■ TASK INSTRUCTIONS
In the records that follow, locate every line with "Overcut" and extract it.

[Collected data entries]
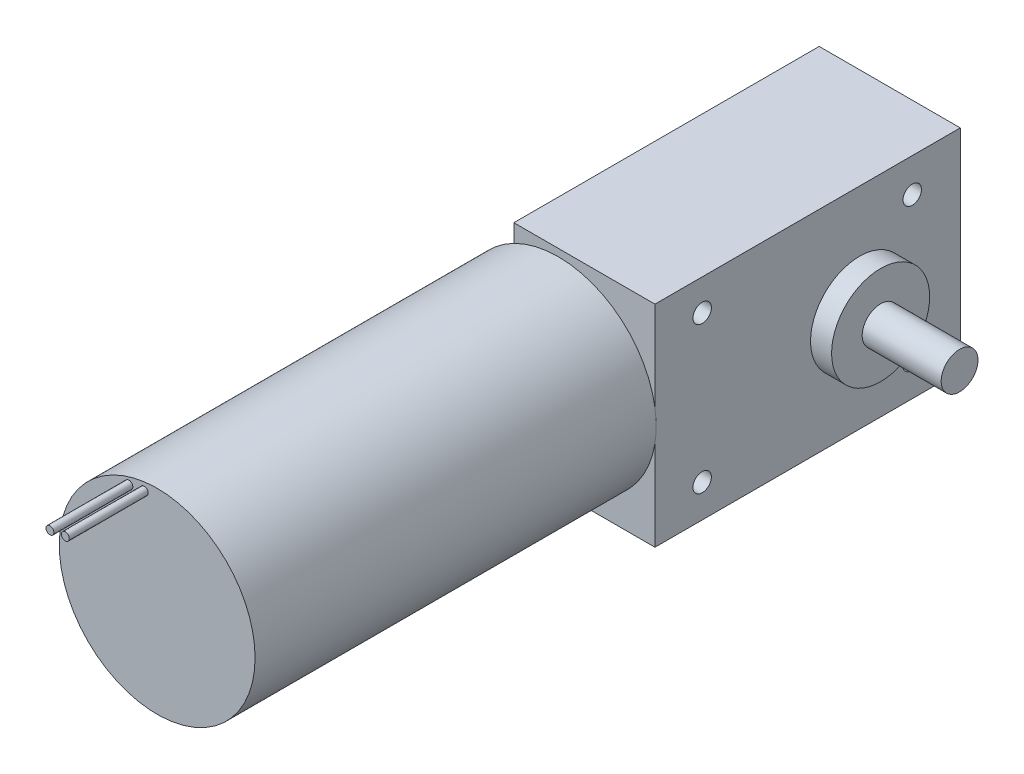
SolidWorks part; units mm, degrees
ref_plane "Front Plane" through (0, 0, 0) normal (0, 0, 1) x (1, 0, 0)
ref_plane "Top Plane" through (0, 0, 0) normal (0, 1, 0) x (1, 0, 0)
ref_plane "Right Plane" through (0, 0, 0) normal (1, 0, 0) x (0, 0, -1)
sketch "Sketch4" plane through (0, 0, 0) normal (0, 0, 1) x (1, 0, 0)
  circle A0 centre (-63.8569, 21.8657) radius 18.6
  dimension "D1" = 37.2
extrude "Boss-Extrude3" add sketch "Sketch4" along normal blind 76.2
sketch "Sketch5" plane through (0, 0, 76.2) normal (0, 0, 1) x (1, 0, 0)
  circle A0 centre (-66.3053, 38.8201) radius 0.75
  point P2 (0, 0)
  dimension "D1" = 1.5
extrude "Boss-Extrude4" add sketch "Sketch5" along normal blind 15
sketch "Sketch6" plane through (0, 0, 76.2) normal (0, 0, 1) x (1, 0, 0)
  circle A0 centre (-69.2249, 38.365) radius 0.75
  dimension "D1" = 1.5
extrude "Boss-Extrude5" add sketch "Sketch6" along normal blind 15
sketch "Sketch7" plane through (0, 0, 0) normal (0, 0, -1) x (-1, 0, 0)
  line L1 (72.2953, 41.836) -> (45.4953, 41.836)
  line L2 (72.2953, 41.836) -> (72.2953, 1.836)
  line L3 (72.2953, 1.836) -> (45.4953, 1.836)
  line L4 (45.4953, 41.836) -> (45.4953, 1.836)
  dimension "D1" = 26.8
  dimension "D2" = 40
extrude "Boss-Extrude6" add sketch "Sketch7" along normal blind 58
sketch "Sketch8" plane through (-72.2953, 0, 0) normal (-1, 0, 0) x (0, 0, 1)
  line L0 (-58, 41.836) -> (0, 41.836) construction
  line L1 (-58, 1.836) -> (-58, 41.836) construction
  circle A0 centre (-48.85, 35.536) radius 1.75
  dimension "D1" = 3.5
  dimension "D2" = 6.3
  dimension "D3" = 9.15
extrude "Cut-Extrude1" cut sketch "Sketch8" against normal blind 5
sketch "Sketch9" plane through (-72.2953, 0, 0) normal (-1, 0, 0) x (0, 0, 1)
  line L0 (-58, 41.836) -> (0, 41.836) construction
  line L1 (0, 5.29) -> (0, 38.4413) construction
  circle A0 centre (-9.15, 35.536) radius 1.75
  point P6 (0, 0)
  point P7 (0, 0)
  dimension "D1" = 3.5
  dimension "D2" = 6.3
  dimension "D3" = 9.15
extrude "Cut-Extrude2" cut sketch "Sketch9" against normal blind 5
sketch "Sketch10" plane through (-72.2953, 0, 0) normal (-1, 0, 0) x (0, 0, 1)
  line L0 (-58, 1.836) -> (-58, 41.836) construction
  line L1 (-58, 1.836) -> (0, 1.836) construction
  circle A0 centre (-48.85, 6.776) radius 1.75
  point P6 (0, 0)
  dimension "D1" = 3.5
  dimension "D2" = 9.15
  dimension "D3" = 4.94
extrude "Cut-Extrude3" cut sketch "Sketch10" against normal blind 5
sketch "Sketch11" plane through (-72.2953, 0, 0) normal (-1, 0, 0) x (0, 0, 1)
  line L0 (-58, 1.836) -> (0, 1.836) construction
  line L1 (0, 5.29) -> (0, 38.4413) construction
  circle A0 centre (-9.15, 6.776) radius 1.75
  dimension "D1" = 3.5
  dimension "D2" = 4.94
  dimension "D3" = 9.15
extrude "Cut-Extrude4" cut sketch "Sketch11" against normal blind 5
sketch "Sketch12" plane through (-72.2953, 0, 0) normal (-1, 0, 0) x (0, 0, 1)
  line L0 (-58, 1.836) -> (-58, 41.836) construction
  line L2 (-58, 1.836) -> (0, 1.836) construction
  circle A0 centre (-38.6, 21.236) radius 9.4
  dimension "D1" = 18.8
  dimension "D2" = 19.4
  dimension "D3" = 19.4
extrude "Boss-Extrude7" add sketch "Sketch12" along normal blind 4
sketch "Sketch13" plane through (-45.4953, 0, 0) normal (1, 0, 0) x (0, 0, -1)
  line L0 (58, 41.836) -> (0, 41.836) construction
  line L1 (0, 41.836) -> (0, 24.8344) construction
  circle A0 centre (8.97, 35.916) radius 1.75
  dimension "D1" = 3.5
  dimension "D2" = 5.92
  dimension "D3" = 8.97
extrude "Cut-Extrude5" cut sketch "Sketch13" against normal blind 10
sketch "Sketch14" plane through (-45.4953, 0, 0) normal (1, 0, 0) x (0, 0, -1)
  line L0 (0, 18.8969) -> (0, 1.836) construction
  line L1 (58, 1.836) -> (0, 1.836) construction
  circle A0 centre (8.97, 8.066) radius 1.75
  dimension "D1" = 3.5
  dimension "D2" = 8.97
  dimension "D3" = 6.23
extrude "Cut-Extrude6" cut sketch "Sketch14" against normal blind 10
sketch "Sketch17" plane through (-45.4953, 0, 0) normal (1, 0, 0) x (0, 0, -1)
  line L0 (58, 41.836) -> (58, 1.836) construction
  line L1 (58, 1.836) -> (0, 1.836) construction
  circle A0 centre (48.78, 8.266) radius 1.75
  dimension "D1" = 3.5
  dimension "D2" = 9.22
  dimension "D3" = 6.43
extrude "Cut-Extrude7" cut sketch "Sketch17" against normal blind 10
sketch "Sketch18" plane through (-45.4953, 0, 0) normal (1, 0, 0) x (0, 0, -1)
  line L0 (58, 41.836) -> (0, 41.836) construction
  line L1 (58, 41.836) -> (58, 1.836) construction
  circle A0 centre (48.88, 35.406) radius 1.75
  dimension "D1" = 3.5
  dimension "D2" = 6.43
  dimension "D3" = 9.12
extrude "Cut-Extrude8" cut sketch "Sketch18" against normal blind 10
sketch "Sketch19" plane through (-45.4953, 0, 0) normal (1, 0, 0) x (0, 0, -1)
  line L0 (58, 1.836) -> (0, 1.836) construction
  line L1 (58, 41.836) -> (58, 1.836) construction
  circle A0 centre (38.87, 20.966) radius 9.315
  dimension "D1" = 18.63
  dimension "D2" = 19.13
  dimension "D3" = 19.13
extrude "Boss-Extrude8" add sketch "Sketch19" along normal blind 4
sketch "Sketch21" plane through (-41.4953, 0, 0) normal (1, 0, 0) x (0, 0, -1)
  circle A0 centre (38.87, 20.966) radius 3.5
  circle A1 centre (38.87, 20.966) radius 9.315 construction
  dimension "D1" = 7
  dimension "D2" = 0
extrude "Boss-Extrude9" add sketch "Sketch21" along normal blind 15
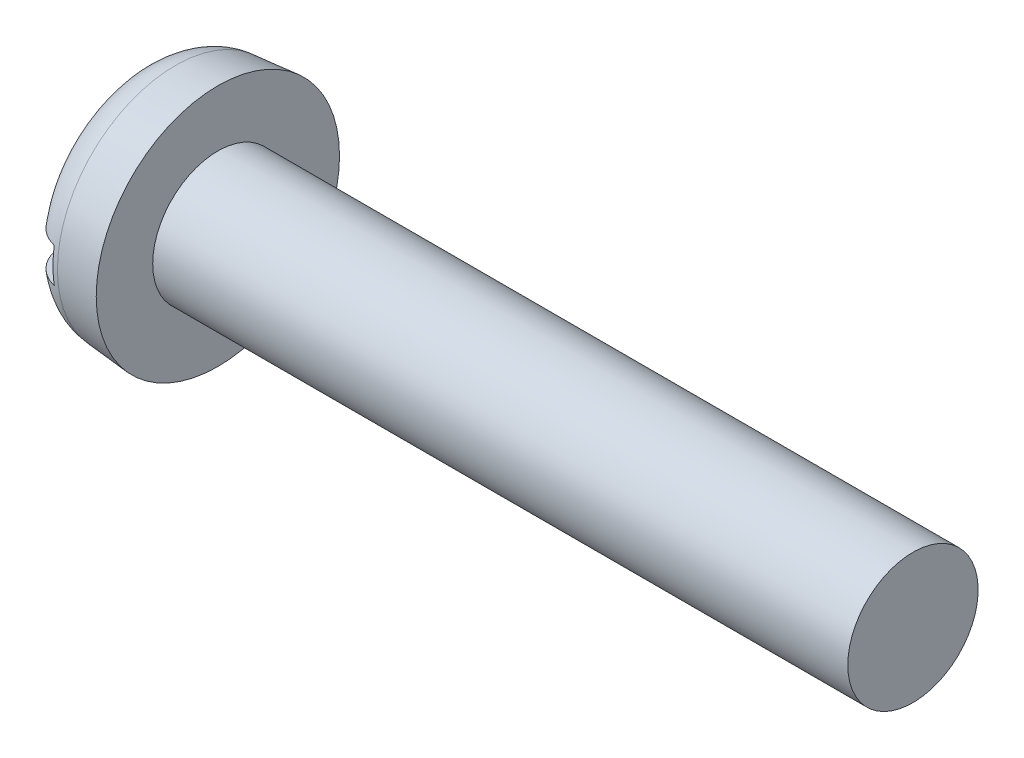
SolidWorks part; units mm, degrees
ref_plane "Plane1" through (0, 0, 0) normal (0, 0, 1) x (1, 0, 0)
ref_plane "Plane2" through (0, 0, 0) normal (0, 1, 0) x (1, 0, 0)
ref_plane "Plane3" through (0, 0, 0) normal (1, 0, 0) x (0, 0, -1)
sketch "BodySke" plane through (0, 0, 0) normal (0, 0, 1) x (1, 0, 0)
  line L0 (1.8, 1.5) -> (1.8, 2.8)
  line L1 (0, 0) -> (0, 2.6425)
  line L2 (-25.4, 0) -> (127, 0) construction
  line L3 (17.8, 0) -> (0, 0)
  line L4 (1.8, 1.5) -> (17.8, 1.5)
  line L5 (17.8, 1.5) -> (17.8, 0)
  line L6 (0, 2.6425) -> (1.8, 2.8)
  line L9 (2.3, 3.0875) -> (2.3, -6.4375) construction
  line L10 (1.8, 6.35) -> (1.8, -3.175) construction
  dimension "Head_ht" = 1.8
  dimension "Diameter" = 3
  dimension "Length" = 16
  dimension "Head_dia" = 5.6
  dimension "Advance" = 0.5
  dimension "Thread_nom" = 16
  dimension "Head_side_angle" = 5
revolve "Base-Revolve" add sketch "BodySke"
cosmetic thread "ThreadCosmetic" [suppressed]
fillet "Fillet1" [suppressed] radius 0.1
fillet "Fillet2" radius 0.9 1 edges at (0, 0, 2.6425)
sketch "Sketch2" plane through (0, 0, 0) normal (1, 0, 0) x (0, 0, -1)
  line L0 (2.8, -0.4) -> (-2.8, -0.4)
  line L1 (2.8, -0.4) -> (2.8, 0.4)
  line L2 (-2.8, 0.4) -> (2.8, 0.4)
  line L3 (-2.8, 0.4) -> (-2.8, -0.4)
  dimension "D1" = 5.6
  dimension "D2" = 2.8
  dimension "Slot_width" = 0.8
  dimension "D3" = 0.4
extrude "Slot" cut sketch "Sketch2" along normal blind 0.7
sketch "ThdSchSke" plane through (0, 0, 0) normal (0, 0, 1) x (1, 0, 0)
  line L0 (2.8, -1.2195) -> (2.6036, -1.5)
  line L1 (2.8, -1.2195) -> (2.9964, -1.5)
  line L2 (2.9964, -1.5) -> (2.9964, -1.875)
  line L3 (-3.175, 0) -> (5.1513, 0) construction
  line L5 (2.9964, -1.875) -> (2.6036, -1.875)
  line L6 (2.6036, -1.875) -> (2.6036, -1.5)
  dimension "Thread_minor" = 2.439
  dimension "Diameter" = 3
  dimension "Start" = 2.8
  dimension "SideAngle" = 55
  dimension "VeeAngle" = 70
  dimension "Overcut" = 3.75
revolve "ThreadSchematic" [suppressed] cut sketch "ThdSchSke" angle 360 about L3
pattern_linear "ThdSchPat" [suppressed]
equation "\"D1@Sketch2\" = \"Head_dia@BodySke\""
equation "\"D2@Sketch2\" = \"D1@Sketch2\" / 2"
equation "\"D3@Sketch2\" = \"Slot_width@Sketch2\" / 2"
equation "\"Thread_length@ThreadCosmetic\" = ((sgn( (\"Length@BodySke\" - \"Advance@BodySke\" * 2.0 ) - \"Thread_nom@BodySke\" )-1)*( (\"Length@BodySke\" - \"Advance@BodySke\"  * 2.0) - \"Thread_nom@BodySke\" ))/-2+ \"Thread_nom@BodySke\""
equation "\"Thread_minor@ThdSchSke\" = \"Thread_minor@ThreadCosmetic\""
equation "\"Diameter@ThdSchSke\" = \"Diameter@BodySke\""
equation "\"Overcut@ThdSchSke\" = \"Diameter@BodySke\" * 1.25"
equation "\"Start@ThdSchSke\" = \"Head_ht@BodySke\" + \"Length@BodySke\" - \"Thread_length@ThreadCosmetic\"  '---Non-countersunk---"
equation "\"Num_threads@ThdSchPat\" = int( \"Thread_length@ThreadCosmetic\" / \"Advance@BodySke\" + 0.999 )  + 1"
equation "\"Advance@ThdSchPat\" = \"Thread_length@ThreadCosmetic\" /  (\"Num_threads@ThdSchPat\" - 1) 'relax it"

■ RESPONSE TO THIS TASK
  dimension "Overcut" = 3.75
equation "\"Overcut@ThdSchSke\" = \"Diameter@BodySke\" * 1.25"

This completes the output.